* Entries provided *

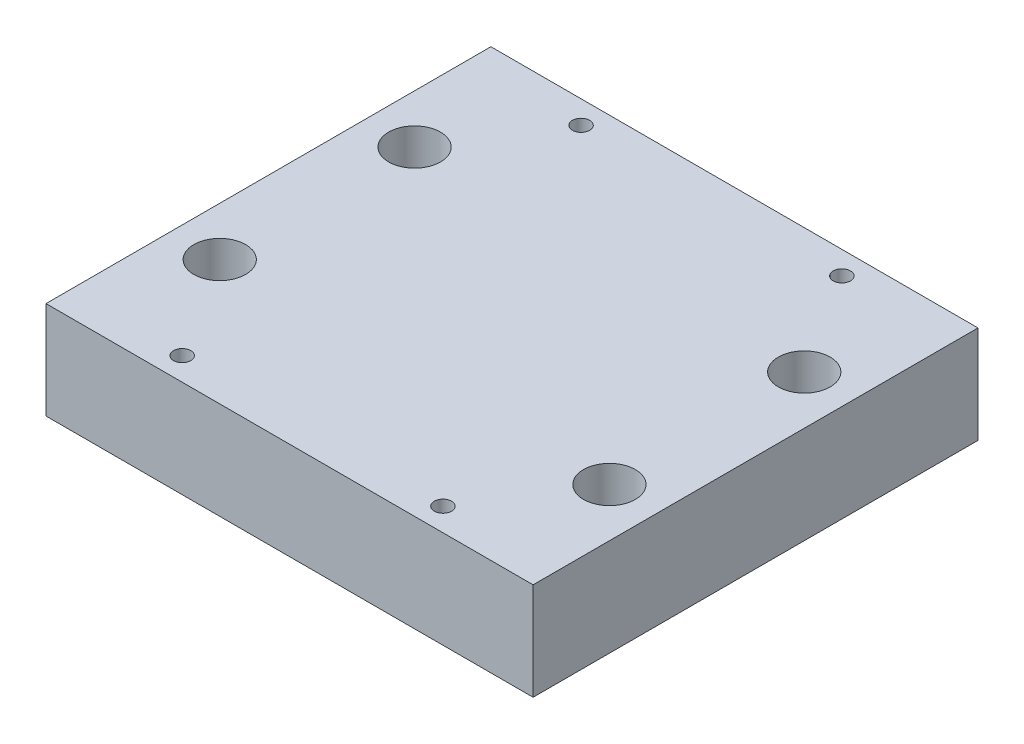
ISO-10303-21;
HEADER;
FILE_DESCRIPTION(('STEP AP214'),'2;1');
FILE_NAME('part.step','',(''),(''),'','','');
FILE_SCHEMA(('AUTOMOTIVE_DESIGN { 1 0 10303 214 1 1 1 1 }'));
ENDSEC;
DATA;
#1=APPLICATION_CONTEXT('core data for automotive mechanical design processes');
#2=APPLICATION_PROTOCOL_DEFINITION('international standard','automotive_design',2000,#1);
#3=PRODUCT_CONTEXT('',#1,'mechanical');
#4=PRODUCT('Part','Part','',(#3));
#5=PRODUCT_RELATED_PRODUCT_CATEGORY('part','',(#4));
#6=PRODUCT_DEFINITION_FORMATION('','',#4);
#7=PRODUCT_DEFINITION_CONTEXT('part definition',#1,'design');
#8=PRODUCT_DEFINITION('design','',#6,#7);
#9=PRODUCT_DEFINITION_SHAPE('','',#8);
#10=(LENGTH_UNIT() NAMED_UNIT(*) SI_UNIT(.MILLI.,.METRE.));
#11=(NAMED_UNIT(*) PLANE_ANGLE_UNIT() SI_UNIT($,.RADIAN.));
#12=(NAMED_UNIT(*) SI_UNIT($,.STERADIAN.) SOLID_ANGLE_UNIT());
#13=UNCERTAINTY_MEASURE_WITH_UNIT(LENGTH_MEASURE(1.E-05),#10,'distance_accuracy_value','');
#14=(GEOMETRIC_REPRESENTATION_CONTEXT(3) GLOBAL_UNCERTAINTY_ASSIGNED_CONTEXT((#13)) GLOBAL_UNIT_ASSIGNED_CONTEXT((#10,
#11,#12)) REPRESENTATION_CONTEXT('',''));
#15=CARTESIAN_POINT('',(0.,0.,0.));
#16=DIRECTION('',(0.,0.,1.));
#17=DIRECTION('',(1.,0.,0.));
#18=AXIS2_PLACEMENT_3D('',#15,#16,#17);
#19=CARTESIAN_POINT('',(-31.75,12.7,29.));
#20=DIRECTION('',(-1.,0.,0.));
#21=DIRECTION('',(0.,0.,1.));
#22=AXIS2_PLACEMENT_3D('',#19,#20,#21);
#23=PLANE('',#22);
#24=DIRECTION('',(0.,0.,-1.));
#25=VECTOR('',#24,1.);
#26=CARTESIAN_POINT('',(-31.75,0.,29.));
#27=LINE('',#26,#25);
#28=CARTESIAN_POINT('',(-31.75,0.,29.));
#29=VERTEX_POINT('',#28);
#30=CARTESIAN_POINT('',(-31.75,0.,-29.));
#31=VERTEX_POINT('',#30);
#32=EDGE_CURVE('E144',#29,#31,#27,.T.);
#33=ORIENTED_EDGE('',*,*,#32,.F.);
#34=DIRECTION('',(0.,-1.,0.));
#35=VECTOR('',#34,1.);
#36=CARTESIAN_POINT('',(-31.75,12.7,29.));
#37=LINE('',#36,#35);
#38=CARTESIAN_POINT('',(-31.75,12.7,29.));
#39=VERTEX_POINT('',#38);
#40=EDGE_CURVE('E11',#39,#29,#37,.T.);
#41=ORIENTED_EDGE('',*,*,#40,.F.);
#42=DIRECTION('',(0.,0.,-1.));
#43=VECTOR('',#42,1.);
#44=CARTESIAN_POINT('',(-31.75,12.7,29.));
#45=LINE('',#44,#43);
#46=CARTESIAN_POINT('',(-31.75,12.7,-29.));
#47=VERTEX_POINT('',#46);
#48=EDGE_CURVE('E145',#39,#47,#45,.T.);
#49=ORIENTED_EDGE('',*,*,#48,.T.);
#50=DIRECTION('',(0.,-1.,0.));
#51=VECTOR('',#50,1.);
#52=CARTESIAN_POINT('',(-31.75,12.7,-29.));
#53=LINE('',#52,#51);
#54=EDGE_CURVE('E46',#47,#31,#53,.T.);
#55=ORIENTED_EDGE('',*,*,#54,.T.);
#56=EDGE_LOOP('',(#33,#41,#49,#55));
#57=FACE_BOUND('',#56,.T.);
#58=ADVANCED_FACE('F43',(#57),#23,.T.);
#59=CARTESIAN_POINT('',(-31.75,12.7,29.));
#60=DIRECTION('',(0.,0.,-1.));
#61=DIRECTION('',(-1.,0.,0.));
#62=AXIS2_PLACEMENT_3D('',#59,#60,#61);
#63=PLANE('',#62);
#64=DIRECTION('',(1.,0.,0.));
#65=VECTOR('',#64,1.);
#66=CARTESIAN_POINT('',(-31.75,0.,29.));
#67=LINE('',#66,#65);
#68=CARTESIAN_POINT('',(31.75,0.,29.));
#69=VERTEX_POINT('',#68);
#70=EDGE_CURVE('E78',#29,#69,#67,.T.);
#71=ORIENTED_EDGE('',*,*,#70,.T.);
#72=DIRECTION('',(0.,-1.,0.));
#73=VECTOR('',#72,1.);
#74=CARTESIAN_POINT('',(31.75,12.7,29.));
#75=LINE('',#74,#73);
#76=CARTESIAN_POINT('',(31.75,12.7,29.));
#77=VERTEX_POINT('',#76);
#78=EDGE_CURVE('E53',#77,#69,#75,.T.);
#79=ORIENTED_EDGE('',*,*,#78,.F.);
#80=DIRECTION('',(1.,0.,0.));
#81=VECTOR('',#80,1.);
#82=CARTESIAN_POINT('',(-31.75,12.7,29.));
#83=LINE('',#82,#81);
#84=EDGE_CURVE('E154',#39,#77,#83,.T.);
#85=ORIENTED_EDGE('',*,*,#84,.F.);
#86=ORIENTED_EDGE('',*,*,#40,.T.);
#87=EDGE_LOOP('',(#71,#79,#85,#86));
#88=FACE_BOUND('',#87,.T.);
#89=ADVANCED_FACE('F185',(#88),#63,.F.);
#90=CARTESIAN_POINT('',(31.75,12.7,29.));
#91=DIRECTION('',(-1.,0.,0.));
#92=DIRECTION('',(0.,0.,1.));
#93=AXIS2_PLACEMENT_3D('',#90,#91,#92);
#94=PLANE('',#93);
#95=DIRECTION('',(0.,0.,-1.));
#96=VECTOR('',#95,1.);
#97=CARTESIAN_POINT('',(31.75,0.,29.));
#98=LINE('',#97,#96);
#99=CARTESIAN_POINT('',(31.75,0.,-29.));
#100=VERTEX_POINT('',#99);
#101=EDGE_CURVE('E164',#69,#100,#98,.T.);
#102=ORIENTED_EDGE('',*,*,#101,.T.);
#103=DIRECTION('',(0.,-1.,0.));
#104=VECTOR('',#103,1.);
#105=CARTESIAN_POINT('',(31.75,12.7,-29.));
#106=LINE('',#105,#104);
#107=CARTESIAN_POINT('',(31.75,12.7,-29.));
#108=VERTEX_POINT('',#107);
#109=EDGE_CURVE('E171',#108,#100,#106,.T.);
#110=ORIENTED_EDGE('',*,*,#109,.F.);
#111=DIRECTION('',(0.,0.,-1.));
#112=VECTOR('',#111,1.);
#113=CARTESIAN_POINT('',(31.75,12.7,29.));
#114=LINE('',#113,#112);
#115=EDGE_CURVE('E151',#77,#108,#114,.T.);
#116=ORIENTED_EDGE('',*,*,#115,.F.);
#117=ORIENTED_EDGE('',*,*,#78,.T.);
#118=EDGE_LOOP('',(#102,#110,#116,#117));
#119=FACE_BOUND('',#118,.T.);
#120=ADVANCED_FACE('F183',(#119),#94,.F.);
#121=CARTESIAN_POINT('',(-31.75,12.7,-29.));
#122=DIRECTION('',(0.,0.,-1.));
#123=DIRECTION('',(-1.,0.,0.));
#124=AXIS2_PLACEMENT_3D('',#121,#122,#123);
#125=PLANE('',#124);
#126=DIRECTION('',(1.,0.,0.));
#127=VECTOR('',#126,1.);
#128=CARTESIAN_POINT('',(-31.75,0.,-29.));
#129=LINE('',#128,#127);
#130=EDGE_CURVE('E160',#31,#100,#129,.T.);
#131=ORIENTED_EDGE('',*,*,#130,.F.);
#132=ORIENTED_EDGE('',*,*,#54,.F.);
#133=DIRECTION('',(1.,0.,0.));
#134=VECTOR('',#133,1.);
#135=CARTESIAN_POINT('',(-31.75,12.7,-29.));
#136=LINE('',#135,#134);
#137=EDGE_CURVE('E148',#47,#108,#136,.T.);
#138=ORIENTED_EDGE('',*,*,#137,.T.);
#139=ORIENTED_EDGE('',*,*,#109,.T.);
#140=EDGE_LOOP('',(#131,#132,#138,#139));
#141=FACE_BOUND('',#140,.T.);
#142=ADVANCED_FACE('F178',(#141),#125,.T.);
#143=CARTESIAN_POINT('',(0.,12.7,0.));
#144=DIRECTION('',(0.,-1.,0.));
#145=DIRECTION('',(0.,0.,-1.));
#146=AXIS2_PLACEMENT_3D('',#143,#144,#145);
#147=PLANE('',#146);
#148=CARTESIAN_POINT('',(-25.4,12.7,-12.7));
#149=DIRECTION('',(0.,1.,0.));
#150=DIRECTION('',(0.,0.,1.));
#151=AXIS2_PLACEMENT_3D('',#148,#149,#150);
#152=CIRCLE('',#151,3.37819999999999);
#153=CARTESIAN_POINT('',(-25.4,12.7,-9.32180000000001));
#154=VERTEX_POINT('',#153);
#155=EDGE_CURVE('E432',#154,#154,#152,.T.);
#156=ORIENTED_EDGE('',*,*,#155,.F.);
#157=EDGE_LOOP('',(#156));
#158=FACE_BOUND('',#157,.T.);
#159=CARTESIAN_POINT('',(25.4,12.7,-12.7));
#160=DIRECTION('',(0.,1.,0.));
#161=DIRECTION('',(0.,0.,1.));
#162=AXIS2_PLACEMENT_3D('',#159,#160,#161);
#163=CIRCLE('',#162,3.37819999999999);
#164=CARTESIAN_POINT('',(25.4,12.7,-9.32180000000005));
#165=VERTEX_POINT('',#164);
#166=EDGE_CURVE('E437',#165,#165,#163,.T.);
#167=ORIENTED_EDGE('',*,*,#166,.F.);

* Problem to work on *
Whatever lies between the first line of the data and the line holding "#7=PRODUCT_DEFINITION_CONTEXT('part definition',#1,'design');", inclusive, should be repeated exactly, apart from the pictures.

* Result of the exercise *
ISO-10303-21;
HEADER;
FILE_DESCRIPTION(('STEP AP214'),'2;1');
FILE_NAME('part.step','',(''),(''),'','','');
FILE_SCHEMA(('AUTOMOTIVE_DESIGN { 1 0 10303 214 1 1 1 1 }'));
ENDSEC;
DATA;
#1=APPLICATION_CONTEXT('core data for automotive mechanical design processes');
#2=APPLICATION_PROTOCOL_DEFINITION('international standard','automotive_design',2000,#1);
#3=PRODUCT_CONTEXT('',#1,'mechanical');
#4=PRODUCT('Part','Part','',(#3));
#5=PRODUCT_RELATED_PRODUCT_CATEGORY('part','',(#4));
#6=PRODUCT_DEFINITION_FORMATION('','',#4);
#7=PRODUCT_DEFINITION_CONTEXT('part definition',#1,'design');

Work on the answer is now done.